The third organization affected by the law is Massachusetts Health Imperatives, a network of clinics that offers a variety of health services. Abortion care and family planning account for only about 40 percent of all care provided; other services by the organization’s seven clinics include offering behavioral health care for young people, counseling for survivors of domestic and sexual abuse, and administrating the federal Nutrition Assistance Program for Women, Infants, and Children for low-income mothers. Health Imperatives CEO Julia Kehoe said that the organization was not even aware that the new law applied to them until they were mentioned in a July court filing by the administration arguing that the law did not explicitly target Planned Parenthood because Health Imperatives and Maine Family Planning would also be affected.

Kehoe said that Health Imperatives had already been struggling financially before the passage of the law, laying off ten employees earlier in the year due to rising health care costs. Grants that the organization previously received from the federal government and private foundations cannot fully cover rising prices, she said, particularly since the services the clinics offer are chronically underfunded on a federal level.

“We’re primarily government-funded, and for years, there hasn’t been enough investment in services for low-income people and services for women,” she said. This has led Health Imperatives to conclude that they need to “diversify” their funding stream away from purely relying on federal funds, with a recent $2.5 million grant through the global Action for Women’s Health initiative.

“It doesn’t fix all of our program problems, of course, because we’re a $19 million organization already at a time where we’re facing cuts and growing costs, but what it does is it allows us to not have to really take drastic action anytime the federal government makes a threat or a policy change or a funding cut,” said Kehoe.

The long-term impact of the “defund” policy is unclear. It is only in effect for one year, meaning that Congress would need to extend the provision to keep it in place. The outcome of ongoing litigation brought by 22 Democratic-led states and the District of Columbia is also yet to be seen. That lawsuit has wended its way through federal courts in recent months, with the First Circuit Court of Appeals ruling earlier in December that the Department of Health and Human Services may continue to enforce the ban while it considers the plaintiff’s motion for a stay pending appeal.

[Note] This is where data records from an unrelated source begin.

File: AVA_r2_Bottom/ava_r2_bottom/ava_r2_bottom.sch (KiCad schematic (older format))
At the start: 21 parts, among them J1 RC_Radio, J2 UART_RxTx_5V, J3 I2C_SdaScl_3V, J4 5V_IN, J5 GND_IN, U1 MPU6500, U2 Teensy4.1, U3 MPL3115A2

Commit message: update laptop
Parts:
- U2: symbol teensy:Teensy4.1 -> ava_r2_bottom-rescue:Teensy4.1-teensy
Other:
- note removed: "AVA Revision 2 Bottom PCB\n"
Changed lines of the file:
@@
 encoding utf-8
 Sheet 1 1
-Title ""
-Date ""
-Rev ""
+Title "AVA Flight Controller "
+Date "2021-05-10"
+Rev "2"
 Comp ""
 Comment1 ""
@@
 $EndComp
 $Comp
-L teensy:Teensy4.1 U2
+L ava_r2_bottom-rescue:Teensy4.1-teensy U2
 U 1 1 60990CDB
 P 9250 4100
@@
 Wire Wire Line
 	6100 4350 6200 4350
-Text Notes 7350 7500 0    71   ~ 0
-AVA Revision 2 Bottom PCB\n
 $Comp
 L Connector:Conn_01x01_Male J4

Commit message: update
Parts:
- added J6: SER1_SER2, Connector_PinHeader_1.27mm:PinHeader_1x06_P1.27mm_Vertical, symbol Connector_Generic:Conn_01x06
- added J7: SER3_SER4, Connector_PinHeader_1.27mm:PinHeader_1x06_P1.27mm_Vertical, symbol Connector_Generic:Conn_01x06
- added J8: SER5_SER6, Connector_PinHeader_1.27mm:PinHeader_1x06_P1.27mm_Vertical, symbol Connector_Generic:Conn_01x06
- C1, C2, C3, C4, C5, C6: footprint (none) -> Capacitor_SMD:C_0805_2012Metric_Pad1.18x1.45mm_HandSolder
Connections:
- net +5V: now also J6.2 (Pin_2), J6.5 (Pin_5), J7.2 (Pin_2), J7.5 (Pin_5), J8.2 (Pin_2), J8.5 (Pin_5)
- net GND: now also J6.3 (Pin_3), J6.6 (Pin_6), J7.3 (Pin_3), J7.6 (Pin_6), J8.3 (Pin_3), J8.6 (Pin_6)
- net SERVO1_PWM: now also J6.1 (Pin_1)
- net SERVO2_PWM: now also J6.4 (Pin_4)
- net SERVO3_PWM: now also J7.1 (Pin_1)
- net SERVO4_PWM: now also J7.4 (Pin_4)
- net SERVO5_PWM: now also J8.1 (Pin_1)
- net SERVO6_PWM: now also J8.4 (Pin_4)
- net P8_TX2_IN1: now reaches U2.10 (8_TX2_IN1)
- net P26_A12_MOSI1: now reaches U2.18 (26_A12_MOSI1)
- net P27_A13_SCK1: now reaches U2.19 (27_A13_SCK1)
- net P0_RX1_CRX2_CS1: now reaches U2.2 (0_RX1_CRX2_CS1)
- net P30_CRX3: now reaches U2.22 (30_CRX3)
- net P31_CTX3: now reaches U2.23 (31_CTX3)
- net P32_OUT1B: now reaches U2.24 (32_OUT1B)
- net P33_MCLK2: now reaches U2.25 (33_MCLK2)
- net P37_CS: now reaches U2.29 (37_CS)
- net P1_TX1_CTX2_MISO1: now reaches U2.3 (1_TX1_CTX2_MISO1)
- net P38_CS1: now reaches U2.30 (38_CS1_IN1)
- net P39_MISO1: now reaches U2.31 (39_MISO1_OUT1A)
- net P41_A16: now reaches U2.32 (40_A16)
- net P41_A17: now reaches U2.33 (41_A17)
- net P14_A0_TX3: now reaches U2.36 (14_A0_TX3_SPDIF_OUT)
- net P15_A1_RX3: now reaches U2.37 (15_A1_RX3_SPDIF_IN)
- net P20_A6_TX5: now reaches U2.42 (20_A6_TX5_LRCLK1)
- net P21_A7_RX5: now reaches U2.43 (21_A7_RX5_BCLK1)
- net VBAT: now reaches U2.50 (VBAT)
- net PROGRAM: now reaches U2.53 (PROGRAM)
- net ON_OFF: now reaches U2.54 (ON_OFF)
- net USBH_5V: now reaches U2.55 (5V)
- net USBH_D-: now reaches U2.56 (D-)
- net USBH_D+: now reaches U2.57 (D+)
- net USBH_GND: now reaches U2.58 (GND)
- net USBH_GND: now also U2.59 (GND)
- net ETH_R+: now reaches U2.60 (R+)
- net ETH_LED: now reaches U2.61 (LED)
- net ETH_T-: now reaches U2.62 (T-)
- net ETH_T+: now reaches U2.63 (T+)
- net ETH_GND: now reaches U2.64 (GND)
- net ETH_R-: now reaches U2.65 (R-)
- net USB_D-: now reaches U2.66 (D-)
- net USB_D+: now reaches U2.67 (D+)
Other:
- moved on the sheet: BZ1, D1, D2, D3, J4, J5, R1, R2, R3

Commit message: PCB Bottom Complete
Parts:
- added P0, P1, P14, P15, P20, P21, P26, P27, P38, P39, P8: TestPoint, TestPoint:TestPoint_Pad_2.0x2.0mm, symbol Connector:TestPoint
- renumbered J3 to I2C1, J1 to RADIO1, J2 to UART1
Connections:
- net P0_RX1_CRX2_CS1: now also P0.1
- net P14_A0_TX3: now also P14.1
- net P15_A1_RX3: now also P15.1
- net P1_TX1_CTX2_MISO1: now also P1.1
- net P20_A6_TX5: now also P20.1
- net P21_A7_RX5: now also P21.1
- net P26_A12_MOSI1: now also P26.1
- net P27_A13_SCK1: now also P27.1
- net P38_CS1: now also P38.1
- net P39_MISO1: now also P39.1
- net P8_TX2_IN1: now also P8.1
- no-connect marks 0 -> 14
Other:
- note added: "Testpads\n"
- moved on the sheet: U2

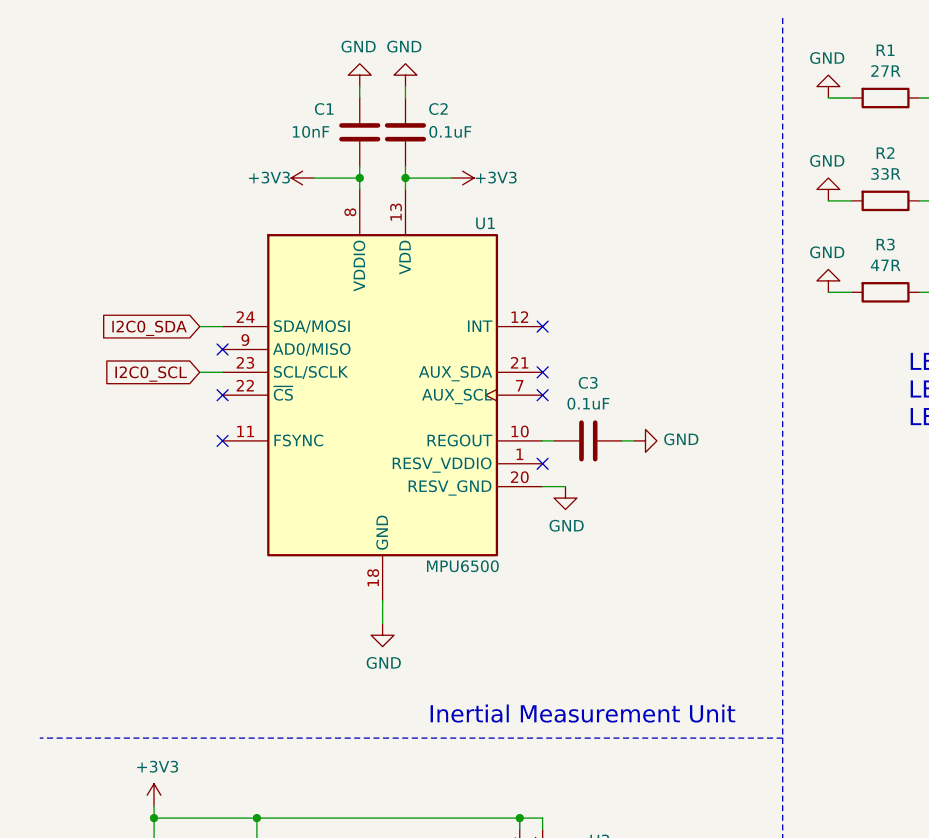
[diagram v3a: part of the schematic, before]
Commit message: added mpu6050
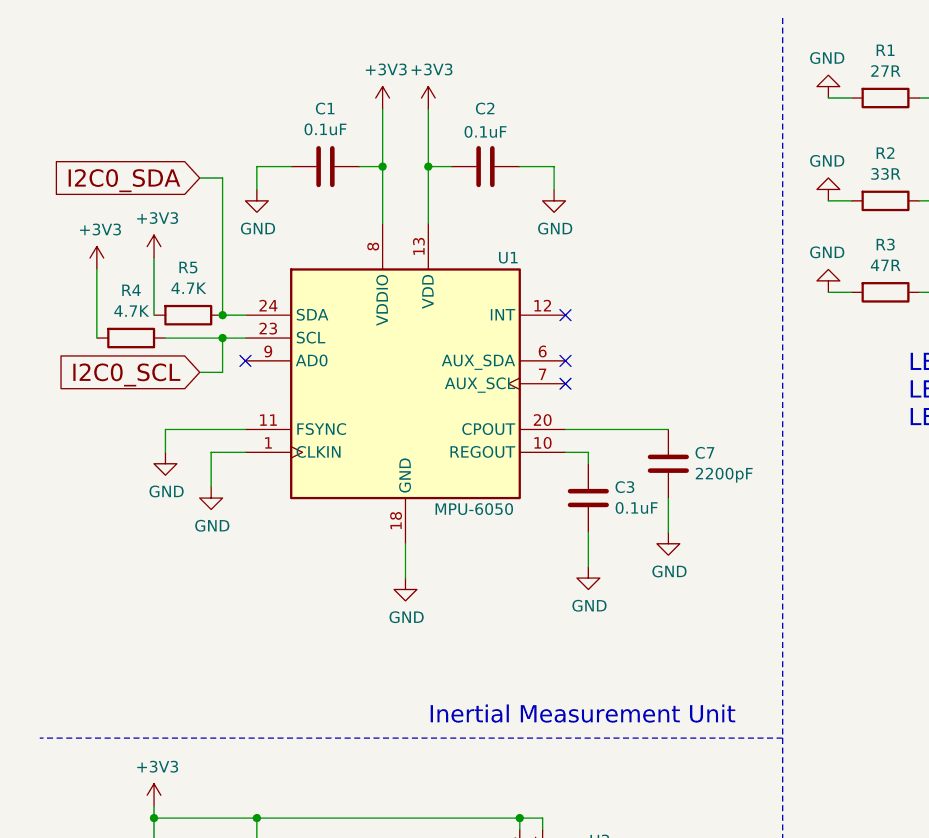
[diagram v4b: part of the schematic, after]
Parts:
- removed U1: MPU6500, Sensor_Motion:InvenSense_QFN-24_3x3mm_P0.4mm, symbol Sensor_Motion:MPU-9250
- added C7: 2200pF, Capacitor_SMD:C_0805_2012Metric_Pad1.18x1.45mm_HandSolder, symbol Device:C
- added R4, R5: 4.7K, Resistor_THT:R_Axial_DIN0207_L6.3mm_D2.5mm_P7.62mm_Horizontal, symbol Device:R
- added U1: MPU-6050, Sensor_Motion:InvenSense_QFN-24_4x4mm_P0.5mm, symbol Sensor_Motion:MPU-6050
- C1: value 10nF -> 0.1uF
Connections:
- net +3V3: now also C1.1, R4.2, R5.2, U1.13 (VDD), U1.8 (VDDIO); no longer C1.2
- net GND: now also C1.2, C3.2, C7.1, U1.1 (CLKIN), U1.11 (FSYNC), U1.18 (GND); no longer C1.1, C3.1
- net I2C0_SCL: now also R4.1, U1.23 (SCL)
- net I2C0_SDA: now also R5.1, U1.24 (SDA)
- new net: C3.1, U1.10 (REGOUT)
- new net: C7.2, U1.20 (CPOUT)
- no-connect marks 14 -> 11
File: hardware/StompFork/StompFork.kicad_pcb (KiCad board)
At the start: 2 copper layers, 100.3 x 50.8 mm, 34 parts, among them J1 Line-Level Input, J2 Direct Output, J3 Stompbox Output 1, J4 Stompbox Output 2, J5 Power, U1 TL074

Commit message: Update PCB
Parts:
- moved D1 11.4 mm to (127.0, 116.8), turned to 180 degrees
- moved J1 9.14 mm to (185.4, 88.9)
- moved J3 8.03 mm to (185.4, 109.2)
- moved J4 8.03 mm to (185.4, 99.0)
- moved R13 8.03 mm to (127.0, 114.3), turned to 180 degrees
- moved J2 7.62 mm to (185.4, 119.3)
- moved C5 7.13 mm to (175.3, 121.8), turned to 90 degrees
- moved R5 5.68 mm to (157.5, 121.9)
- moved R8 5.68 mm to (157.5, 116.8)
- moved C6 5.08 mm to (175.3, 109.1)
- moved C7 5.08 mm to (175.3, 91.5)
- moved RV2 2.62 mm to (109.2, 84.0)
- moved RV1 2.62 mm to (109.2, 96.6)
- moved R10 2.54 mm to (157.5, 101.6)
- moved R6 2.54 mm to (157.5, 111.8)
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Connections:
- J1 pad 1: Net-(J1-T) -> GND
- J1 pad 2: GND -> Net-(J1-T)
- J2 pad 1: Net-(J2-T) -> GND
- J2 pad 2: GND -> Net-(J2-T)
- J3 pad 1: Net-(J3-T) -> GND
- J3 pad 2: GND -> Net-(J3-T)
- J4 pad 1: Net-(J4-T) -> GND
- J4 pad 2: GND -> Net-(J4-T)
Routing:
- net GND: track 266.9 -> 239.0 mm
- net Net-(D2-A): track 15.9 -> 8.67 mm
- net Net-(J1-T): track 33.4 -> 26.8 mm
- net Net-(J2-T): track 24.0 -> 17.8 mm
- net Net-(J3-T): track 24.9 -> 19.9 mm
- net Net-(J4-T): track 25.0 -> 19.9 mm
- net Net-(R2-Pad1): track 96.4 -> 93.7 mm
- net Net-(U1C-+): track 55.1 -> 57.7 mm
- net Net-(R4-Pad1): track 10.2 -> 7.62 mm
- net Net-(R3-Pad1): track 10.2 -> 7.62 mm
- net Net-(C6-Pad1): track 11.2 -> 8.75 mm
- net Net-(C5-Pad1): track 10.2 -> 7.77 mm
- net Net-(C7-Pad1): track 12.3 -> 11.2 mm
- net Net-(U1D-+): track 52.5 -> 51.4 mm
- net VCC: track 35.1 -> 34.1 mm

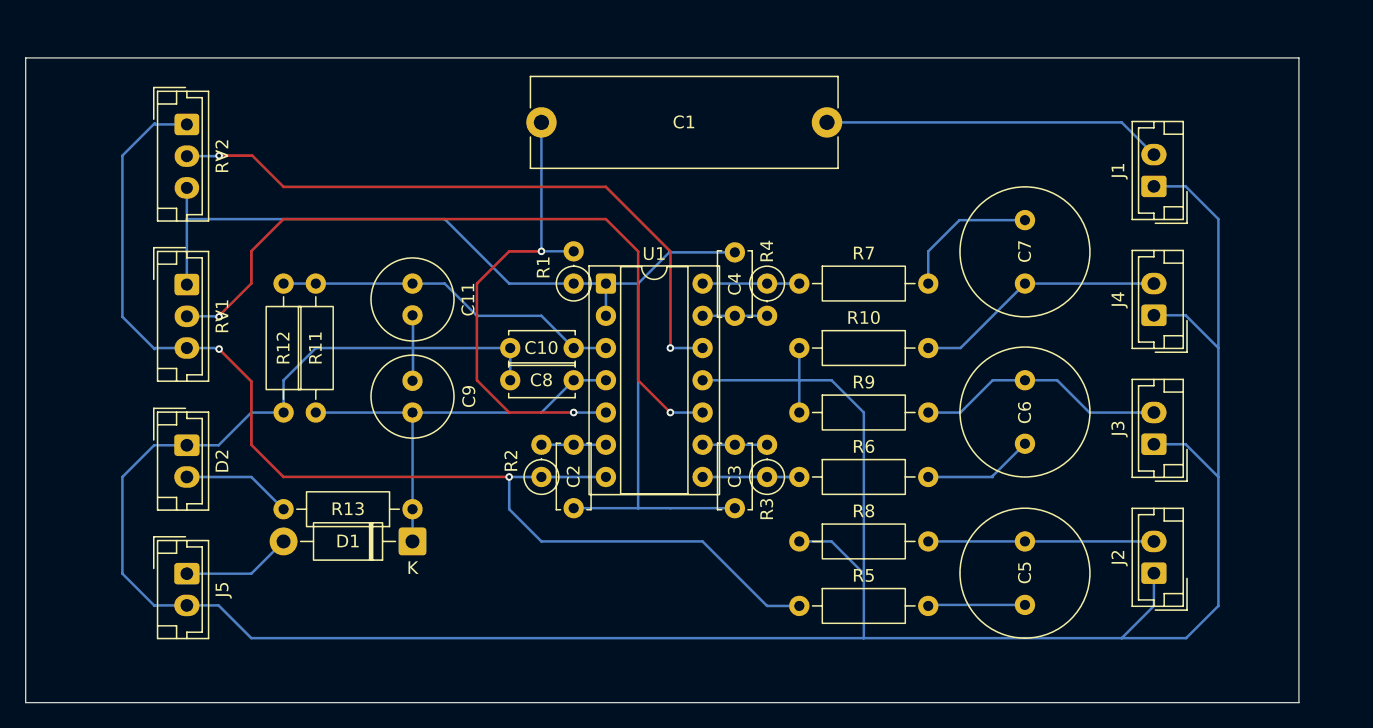
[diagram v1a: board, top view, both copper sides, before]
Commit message: Fix cap footprints
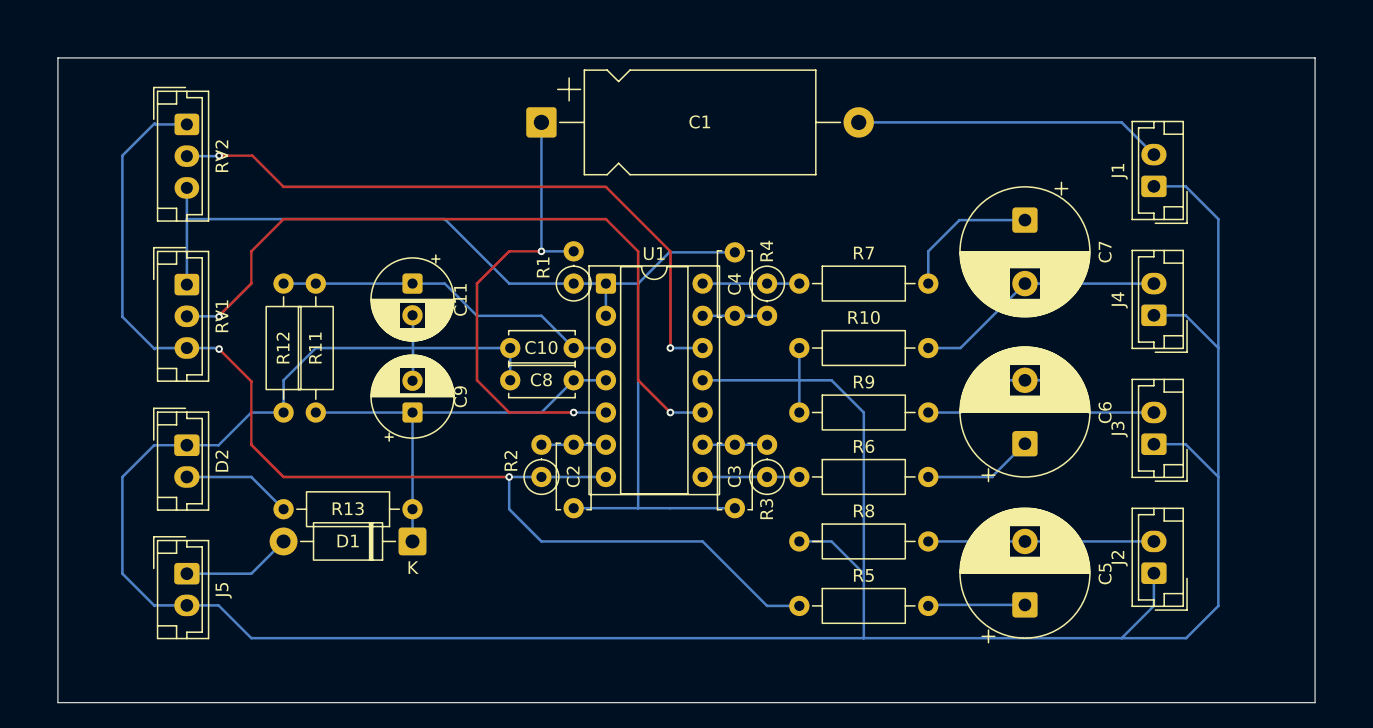
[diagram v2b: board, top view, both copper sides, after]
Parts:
- C1: footprint Capacitor_THT:C_Rect_L24.0mm_W7.0mm_P22.50mm_MKT -> Capacitor_THT:CP_Axial_L18.0mm_D8.0mm_P25.00mm_Horizontal
- C11, C9: footprint Capacitor_THT:C_Radial_D6.3mm_H11.0mm_P2.50mm -> Capacitor_THT:CP_Radial_D6.3mm_P2.50mm
- C5, C6, C7: footprint Capacitor_THT:C_Radial_D10.0mm_H12.5mm_P5.00mm -> Capacitor_THT:CP_Radial_D10.0mm_P5.00mm
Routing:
- net Net-(J1-T): track 26.8 -> 24.3 mm
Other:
- board size 100.3 x 50.8 mm -> 99.1 x 50.8 mm

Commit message: Update PCB
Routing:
- net GND: track 239.0 -> 231.4 mm
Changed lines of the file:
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@@
 	)
 	(segment
-		(start 116.84 116.84)
-		(end 114.3 119.38)
+		(start 114.3 116.84)
+		(end 116.84 116.84)
 		(width 0.2)
 		(layer "B.Cu")
@@
 	)
 	(segment
-		(start 114.3 119.38)
-		(end 109.22 119.38)
+		(start 111.76 119.38)
+		(end 114.3 116.84)
 		(width 0.2)
 		(layer "B.Cu")
 		(net 2)
+	)
+	(segment
+		(start 109.22 119.38)
+		(end 111.76 119.38)
+		(width 0.2)
+		(layer "B.Cu")
+		(net 2)
+	)
+	(segment
+		(start 147.32 114.22)
+		(end 152.4 114.22)
+		(width 0.2)
+		(layer "B.Cu")
+		(net 3)
+	)
+	(segment
+		(start 134.62 96.52)
+		(end 129.54 91.44)
+		(width 0.2)
+		(layer "B.Cu")
+		(net 3)
+	)
+	(segment
+		(start 139.7 114.22)
+		(end 144.78 114.22)
+		(width 0.2)
+		(layer "B.Cu")
+		(net 3)
+	)
+	(segment
+		(start 147.24 94.06)
+		(end 144.78 96.52)
+		(width 0.2)
+		(layer "B.Cu")
+		(net 3)
 	)
 	(segment
 		(start 129.54 91.44)
 		(end 109.22 91.44)
-		(width 0.2)
-		(layer "B.Cu")
-		(net 3)
-	)
-	(segment
-		(start 147.32 114.22)
-		(end 152.4 114.22)
-		(width 0.2)
-		(layer "B.Cu")
-		(net 3)
-	)
-	(segment
-		(start 134.62 96.52)
-		(end 129.54 91.44)
-		(width 0.2)
-		(layer "B.Cu")
-		(net 3)
-	)
-	(segment
-		(start 139.7 114.22)
-		(end 144.78 114.22)
-		(width 0.2)
-		(layer "B.Cu")
-		(net 3)
-	)
-	(segment
-		(start 147.24 94.06)
-		(end 144.78 96.52)
 		(width 0.2)
 		(layer "B.Cu")
@@
 	)
 	(segment
-		(start 111.72 109.26)
-		(end 109.22 109.26)
-		(width 0.2)
-		(layer "B.Cu")
-		(net 5)
-	)
-	(segment
 		(start 185.42 88.86)
 		(end 187.92 88.86)
@@
 	)
 	(segment
+		(start 190.5 116.84)
+		(end 190.5 111.76)
+		(width 0.2)
+		(layer "B.Cu")
+		(net 5)
+	)
+	(segment
 		(start 162.56 119.38)
 		(end 162.56 124.46)
@@
 	)
 	(segment
-		(start 114.3 106.68)
-		(end 111.72 109.26)
-		(width 0.2)
-		(layer "B.Cu")
-		(net 5)
-	)
-	(segment
-		(start 162.56 124.46)
-		(end 114.3 124.46)
-		(width 0.2)
-		(layer "B.Cu")
-		(net 5)
-	)
-	(segment
-		(start 190.5 111.76)
-		(end 190.5 121.92)
-		(width 0.2)
-		(layer "B.Cu")
-		(net 5)
-	)
-	(segment
 		(start 160.02 104.14)
 		(end 162.56 106.68)
@@
 	)
 	(segment
-		(start 190.5 121.92)
-		(end 187.96 124.46)
+		(start 149.86 121.92)
+		(end 152.4 124.46)
 		(width 0.2)
 		(layer "B.Cu")
@@
 	)
 	(segment
-		(start 114.3 124.46)
-		(end 111.72 121.88)
-		(width 0.2)
-		(layer "B.Cu")
-		(net 5)
-	)
-	(segment
-		(start 116.84 106.68)
-		(end 114.3 106.68)
+		(start 185.42 119.34)
+		(end 187.92 119.34)
+		(width 0.2)
+		(layer "B.Cu")
+		(net 5)
+	)
+	(segment
+		(start 152.4 124.46)
+		(end 162.56 124.46)
 		(width 0.2)
 		(layer "B.Cu")
@@
 	)
 	(segment
+		(start 111.76 121.92)
+		(end 149.86 121.92)
+		(width 0.2)
+		(layer "B.Cu")
+		(net 5)
+	)
+	(segment
 		(start 104.14 119.38)
 		(end 104.14 111.76)
@@
 	)
 	(segment
-		(start 111.72 121.88)
-		(end 109.22 121.88)
-		(width 0.2)
-		(layer "B.Cu")
-		(net 5)
-	)
-	(segment
-		(start 187.96 124.46)
-		(end 182.88 124.46)
-		(width 0.2)
-		(layer "B.Cu")
-		(net 5)
-	)
-	(segment
 		(start 149.86 104.14)
 		(end 160.02 104.14)
@@
 	)
 	(segment
+		(start 111.72 109.26)
+		(end 114.3 106.68)
+		(width 0.2)
+		(layer "B.Cu")
+		(net 5)
+	)
+	(segment
 		(start 106.72 121.88)
 		(end 106.68 121.92)
@@
 	)
 	(segment
+		(start 109.22 109.26)
+		(end 111.72 109.26)
+		(width 0.2)
+		(layer "B.Cu")
+		(net 5)
+	)
+	(segment
 		(start 134.7 104.14)
 		(end 134.7 101.6)
@@
 	)
 	(segment
+		(start 109.22 121.88)
+		(end 111.72 121.88)
+		(width 0.2)
+		(layer "B.Cu")
+		(net 5)
+	)
+	(segment
 		(start 162.56 106.68)
 		(end 162.56 114.3)
@@
 	)
 	(segment
+		(start 111.72 121.88)
+		(end 111.76 121.92)
+		(width 0.2)
+		(layer "B.Cu")
+		(net 5)
+	)
+	(segment
 		(start 187.92 109.18)
 		(end 190.5 111.76)
@@
 	)
 	(segment
-		(start 114.38 86.44)
-		(end 111.76 86.44)
+		(start 187.92 119.34)
+		(end 187.96 119.38)
+		(width 0.2)
+		(layer "B.Cu")
+		(net 5)
+	)
+	(segment
+		(start 187.96 119.38)
+		(end 190.5 116.84)
+		(width 0.2)
+		(layer "B.Cu")
+		(net 5)
+	)
+	(segment
+		(start 114.3 106.68)
+		(end 116.84 106.68)
+		(width 0.2)
+		(layer "B.Cu")
+		(net 5)
+	)
+	(segment
+		(start 111.76 86.44)
+		(end 114.38 86.44)
 		(width 0.2)
 		(layer "F.Cu")
@@
 	)
 	(segment
+		(start 111.76 99.14)
+		(end 111.76 99.06)
+		(width 0.2)
+		(layer "F.Cu")
+		(net 10)
+	)
+	(segment
+		(start 111.76 99.06)
+		(end 114.3 96.52)
+		(width 0.2)
+		(layer "F.Cu")
+		(net 10)
+	)
+	(segment
 		(start 116.84 91.44)
 		(end 142.24 91.44)
@@
 		(start 114.3 93.98)
 		(end 116.84 91.44)
-		(width 0.2)
-		(layer "F.Cu")
-		(net 10)
-	)
-	(segment
-		(start 111.76 99.06)
-		(end 114.3 96.52)
-		(width 0.2)
-		(layer "F.Cu")
-		(net 10)
-	)
-	(segment
-		(start 111.76 99.14)
-		(end 111.76 99.06)
 		(width 0.2)
 		(layer "F.Cu")
@@
 	)
 	(segment
+		(start 111.76 101.68)
+		(end 111.84 101.68)
+		(width 0.2)
+		(layer "F.Cu")
+		(net 19)
+	)
+	(segment
 		(start 114.3 109.22)
 		(end 116.84 111.76)
@@
 	)
 	(segment
-		(start 111.76 101.68)
-		(end 114.3 104.22)
+		(start 111.84 101.68)
+		(end 114.3 104.14)
 		(width 0.2)
 		(layer "F.Cu")
@@
 	)
 	(segment
-		(start 116.84 114.3)
-		(end 114.3 111.76)
+		(start 109.22 111.76)
+		(end 111.76 111.76)
 		(width 0.2)
 		(layer "B.Cu")
@@
 	)
 	(segment
-		(start 114.3 111.76)
-		(end 109.22 111.76)
-		(width 0.2)
-		(layer "B.Cu")
+		(start 111.76 111.76)
+		(end 114.3 114.3)
+		(width 0.2)
+		(layer "B.Cu")
+		(net 22)
+	)
+	(segment
+		(start 114.3 114.3)
+		(end 116.84 114.3)
+		(width 0.2)
+		(layer "B.Cu")

Meanwhile, the legislation also included dramatic cuts to Medicaid, which could threaten overall access to reproductive health care among young low-income women. Recent analysis by the Guttmacher Institute found that more than 2 million women between the ages of 19 and 49 could lose their Medicaid coverage over the next decade, which in turn would mean interruptions to contraceptive and other sexual and reproductive care. States may also carry an extra burden in funding Medicaid in the ensuing years.

Even if the provision relating to Planned Parenthood expires without renewal at the end of the year, Friedrich-Karnik said that the consequences of clinic closures could be permanent. “When you attack a clinic’s ability to stay open, if you are successful at closing a clinic, reopening a clinic is very, very hard,” she said. “I wouldn’t want to fool people into thinking that if it’s just one year, we can just hold our breath and eke it out, because there’s still going to be real damage done—both to the clinic system, but also then, obviously, all the patients who are then impacted.”